Data excerpts:

--------

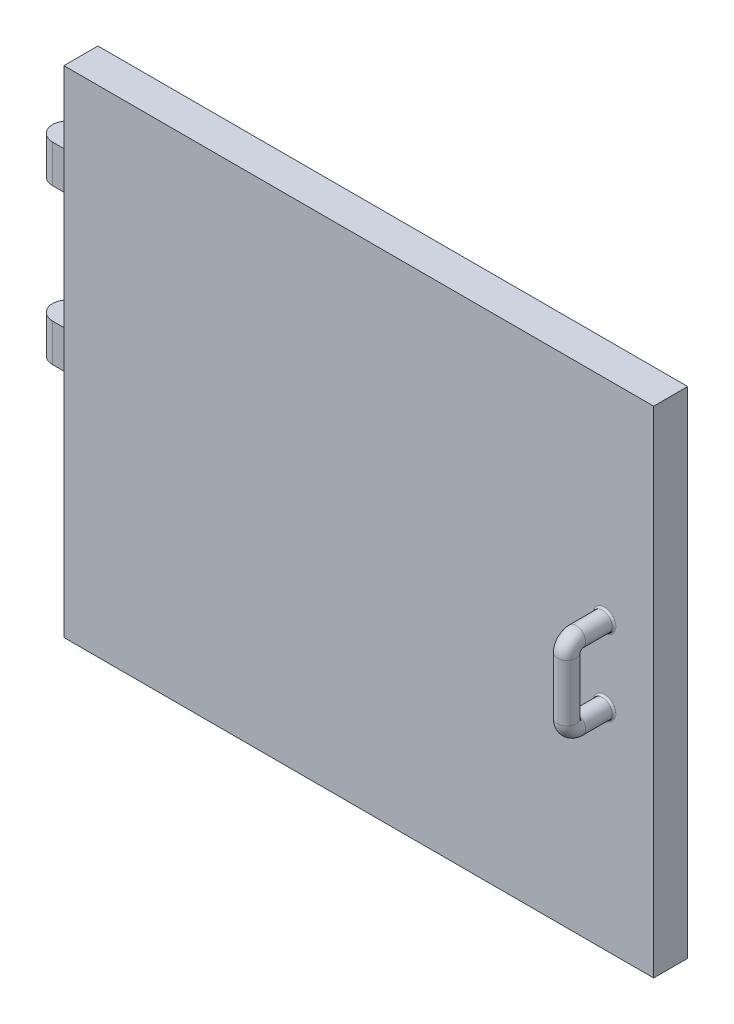
SolidWorks part; units mm, degrees
ref_plane "Alzado" through (0, 0, 0) normal (0, 0, 1) x (1, 0, 0)
ref_plane "Planta" through (0, 0, 0) normal (0, 1, 0) x (1, 0, 0)
ref_plane "Vista lateral" through (0, 0, 0) normal (1, 0, 0) x (0, 0, -1)
sketch "Croquis2" plane through (0, 0, 0) normal (0, 0, 1) x (1, 0, 0)
  line L1 (156, 131) -> (-156, 131)
  line L2 (156, 131) -> (156, -131)
  line L3 (156, -131) -> (-156, -131)
  line L4 (-156, 131) -> (-156, -131)
  line L5 (156, 131) -> (-156, -131) construction
  line L6 (156, -131) -> (-156, 131) construction
  point P0 (0, 0)
  dimension "D1" = 262
  dimension "D2" = 312
extrude "Saliente-Extruir1" add sketch "Croquis2" along normal blind 8
sketch "Croquis3" plane through (0, 0, 0) normal (0, 0, -1) x (-1, 0, 0)
  line L1 (153, -128) -> (-153, -128)
  line L2 (153, -128) -> (153, 128)
  line L3 (153, 128) -> (-153, 128)
  line L4 (-153, -128) -> (-153, 128)
  line L5 (153, -128) -> (-153, 128) construction
  line L6 (153, 128) -> (-153, -128) construction
  line L7 (156, -131) -> (-156, -131)
  line L8 (156, -131) -> (156, 131)
  line L9 (156, 131) -> (-156, 131)
  line L10 (-156, -131) -> (-156, 131)
  line L11 (156, -131) -> (-156, 131) construction
  line L12 (156, 131) -> (-156, -131) construction
  point P0 (0, 0)
  point P6 (0, 0)
  dimension "D1" = 306
  dimension "D2" = 256
extrude "Saliente-Extruir2" add sketch "Croquis3" along normal blind 10
sketch "Croquis6" plane through (-156, 0, 0) normal (-1, 0, 0) x (0, 0, 1)
  line L0 (8, 131) -> (-10, 131) construction
  line L1 (-10, 91) -> (6, 91)
  line L2 (-10, 91) -> (-10, 71)
  line L3 (-10, 71) -> (6, 71)
  line L4 (6, 91) -> (6, 71)
  line L5 (-10, 91) -> (6, 71) construction
  line L6 (-10, 71) -> (6, 91) construction
  line L7 (-10, 9) -> (6, 9)
  line L8 (-10, 9) -> (-10, -11)
  line L9 (-10, -11) -> (6, -11)
  line L10 (6, 9) -> (6, -11)
  line L11 (-10, 9) -> (6, -11) construction
  line L12 (-10, -11) -> (6, 9) construction
  line L13 (8, -131) -> (-10, -131) construction
  line L14 (-10, -131) -> (-10, 131) construction
  point P0 (-2, 81)
  point P5 (-2, -1)
  dimension "D1" = 40
  dimension "D2" = 120
  dimension "D3" = 20
  dimension "D4" = 20
  dimension "D5" = 16
  dimension "D6" = 16
extrude "Saliente-Extruir6" add sketch "Croquis6" along normal blind 8
sketch "Croquis7" plane through (0, 91, 0) normal (0, 1, 0) x (1, 0, 0)
  line L0 (-164, 10) -> (-164, -6)
  arc A0 (-164, 10) -> (-164, -6) centre (-164, 2) ccw
extrude "Saliente-Extruir7" add sketch "Croquis7" against normal blind 20
sketch "Croquis8" plane through (0, 9, 0) normal (0, 1, 0) x (1, 0, 0)
  line L0 (-164, -6) -> (-164, 10) construction
  line L1 (-164, 10) -> (-164, -6)
  arc A0 (-164, 10) -> (-164, -6) centre (-164, 2) ccw
extrude "Saliente-Extruir8" add sketch "Croquis8" against normal blind 20
sketch "Croquis9" plane through (0, 71, 0) normal (0, -1, 0) x (1, 0, 0)
  circle A0 centre (-164, -2) radius 3.5
  arc A1 (-164, 6) -> (-164, -10) centre (-164, -2) ccw construction
  dimension "D1" = 7
extrude "Cortar-Extruir1" cut sketch "Croquis9" against normal blind 5
sketch "Croquis10" plane through (0, -11, 0) normal (0, -1, 0) x (1, 0, 0)
  circle A0 centre (-164, -2) radius 3.5
  arc A1 (-164, 6) -> (-164, -10) centre (-164, -2) ccw construction
  dimension "D1" = 7
extrude "Cortar-Extruir2" cut sketch "Croquis10" against normal blind 5
sketch "Croquis11" plane through (0, 0, 8) normal (0, 0, 1) x (1, 0, 0)
  line L0 (0, 0) -> (130, 0) construction
  circle A0 centre (130, 20) radius 5
  circle A2 centre (130, -20) radius 5
  dimension "D4" = 10
  dimension "D3" = 10
  dimension "D1" = 20
  dimension "D2" = 20
ref_plane "Plano1" through (130, 0, 0) normal (1, 0, 0) x (0, 0, -1)
sketch "Croquis13" plane through (130, 0, 0) normal (1, 0, 0) x (0, 0, -1)
  line L0 (-8, 20) -> (-23, 20)
  line L1 (-8, 25) -> (-8, 15) construction
  line L2 (-28, 15) -> (-28, -15)
  line L5 (-8, -131) -> (-8, 131) construction
  line L6 (-8, -20) -> (-23, -20)
  arc A0 (-23, 20) -> (-28, 15) centre (-23, 15) ccw
  arc A2 (-28, -15) -> (-23, -20) centre (-23, -15) ccw
  dimension "D2" = 10
  dimension "D5" = 10
  dimension "D1" = 15
  dimension "D4" = 15
sweep "Barrer7" add path "Croquis13" circular profile diameter 10 parameters "D3"=10
fillet "Redondeo1" radius 1 2 edges at (135, -20, 8) (135, 20, 8)

--------

▶ [The task]: Leave out the images and transcribe all the records exactly.

▶ [Exercise answer]:
SolidWorks part; units mm, degrees
ref_plane "Alzado" through (0, 0, 0) normal (0, 0, 1) x (1, 0, 0)
ref_plane "Planta" through (0, 0, 0) normal (0, 1, 0) x (1, 0, 0)
ref_plane "Vista lateral" through (0, 0, 0) normal (1, 0, 0) x (0, 0, -1)
sketch "Croquis2" plane through (0, 0, 0) normal (0, 0, 1) x (1, 0, 0)
  line L1 (156, 131) -> (-156, 131)
  line L2 (156, 131) -> (156, -131)
  line L3 (156, -131) -> (-156, -131)
  line L4 (-156, 131) -> (-156, -131)
  line L5 (156, 131) -> (-156, -131) construction
  line L6 (156, -131) -> (-156, 131) construction
  point P0 (0, 0)
  dimension "D1" = 262
  dimension "D2" = 312
extrude "Saliente-Extruir1" add sketch "Croquis2" along normal blind 8
sketch "Croquis3" plane through (0, 0, 0) normal (0, 0, -1) x (-1, 0, 0)
  line L1 (153, -128) -> (-153, -128)
  line L2 (153, -128) -> (153, 128)
  line L3 (153, 128) -> (-153, 128)
  line L4 (-153, -128) -> (-153, 128)
  line L5 (153, -128) -> (-153, 128) construction
  line L6 (153, 128) -> (-153, -128) construction
  line L7 (156, -131) -> (-156, -131)
  line L8 (156, -131) -> (156, 131)
  line L9 (156, 131) -> (-156, 131)
  line L10 (-156, -131) -> (-156, 131)
  line L11 (156, -131) -> (-156, 131) construction
  line L12 (156, 131) -> (-156, -131) construction
  point P0 (0, 0)
  point P6 (0, 0)
  dimension "D1" = 306
  dimension "D2" = 256
extrude "Saliente-Extruir2" add sketch "Croquis3" along normal blind 10
sketch "Croquis6" plane through (-156, 0, 0) normal (-1, 0, 0) x (0, 0, 1)
  line L0 (8, 131) -> (-10, 131) construction
  line L1 (-10, 91) -> (6, 91)
  line L2 (-10, 91) -> (-10, 71)
  line L3 (-10, 71) -> (6, 71)
  line L4 (6, 91) -> (6, 71)
  line L5 (-10, 91) -> (6, 71) construction
  line L6 (-10, 71) -> (6, 91) construction
  line L7 (-10, 9) -> (6, 9)
  line L8 (-10, 9) -> (-10, -11)
  line L9 (-10, -11) -> (6, -11)
  line L10 (6, 9) -> (6, -11)
  line L11 (-10, 9) -> (6, -11) construction
  line L12 (-10, -11) -> (6, 9) construction
  line L13 (8, -131) -> (-10, -131) construction
  line L14 (-10, -131) -> (-10, 131) construction
  point P0 (-2, 81)
  point P5 (-2, -1)
  dimension "D1" = 40
  dimension "D2" = 120
  dimension "D3" = 20
  dimension "D4" = 20
  dimension "D5" = 16
  dimension "D6" = 16
extrude "Saliente-Extruir6" add sketch "Croquis6" along normal blind 8
sketch "Croquis7" plane through (0, 91, 0) normal (0, 1, 0) x (1, 0, 0)
  line L0 (-164, 10) -> (-164, -6)
  arc A0 (-164, 10) -> (-164, -6) centre (-164, 2) ccw
extrude "Saliente-Extruir7" add sketch "Croquis7" against normal blind 20
sketch "Croquis8" plane through (0, 9, 0) normal (0, 1, 0) x (1, 0, 0)
  line L0 (-164, -6) -> (-164, 10) construction
  line L1 (-164, 10) -> (-164, -6)
  arc A0 (-164, 10) -> (-164, -6) centre (-164, 2) ccw
extrude "Saliente-Extruir8" add sketch "Croquis8" against normal blind 20
sketch "Croquis9" plane through (0, 71, 0) normal (0, -1, 0) x (1, 0, 0)
  circle A0 centre (-164, -2) radius 3.5
  arc A1 (-164, 6) -> (-164, -10) centre (-164, -2) ccw construction
  dimension "D1" = 7
extrude "Cortar-Extruir1" cut sketch "Croquis9" against normal blind 5
sketch "Croquis10" plane through (0, -11, 0) normal (0, -1, 0) x (1, 0, 0)
  circle A0 centre (-164, -2) radius 3.5
  arc A1 (-164, 6) -> (-164, -10) centre (-164, -2) ccw construction
  dimension "D1" = 7
extrude "Cortar-Extruir2" cut sketch "Croquis10" against normal blind 5
sketch "Croquis11" plane through (0, 0, 8) normal (0, 0, 1) x (1, 0, 0)
  line L0 (0, 0) -> (130, 0) construction
  circle A0 centre (130, 20) radius 5
  circle A2 centre (130, -20) radius 5
  dimension "D4" = 10
  dimension "D3" = 10
  dimension "D1" = 20
  dimension "D2" = 20
ref_plane "Plano1" through (130, 0, 0) normal (1, 0, 0) x (0, 0, -1)
sketch "Croquis13" plane through (130, 0, 0) normal (1, 0, 0) x (0, 0, -1)
  line L0 (-8, 20) -> (-23, 20)
  line L1 (-8, 25) -> (-8, 15) construction
  line L2 (-28, 15) -> (-28, -15)
  line L5 (-8, -131) -> (-8, 131) construction
  line L6 (-8, -20) -> (-23, -20)
  arc A0 (-23, 20) -> (-28, 15) centre (-23, 15) ccw
  arc A2 (-28, -15) -> (-23, -20) centre (-23, -15) ccw
  dimension "D2" = 10
  dimension "D5" = 10
  dimension "D1" = 15
  dimension "D4" = 15
sweep "Barrer7" add path "Croquis13" circular profile diameter 10 parameters "D3"=10
fillet "Redondeo1" radius 1 2 edges at (135, -20, 8) (135, 20, 8)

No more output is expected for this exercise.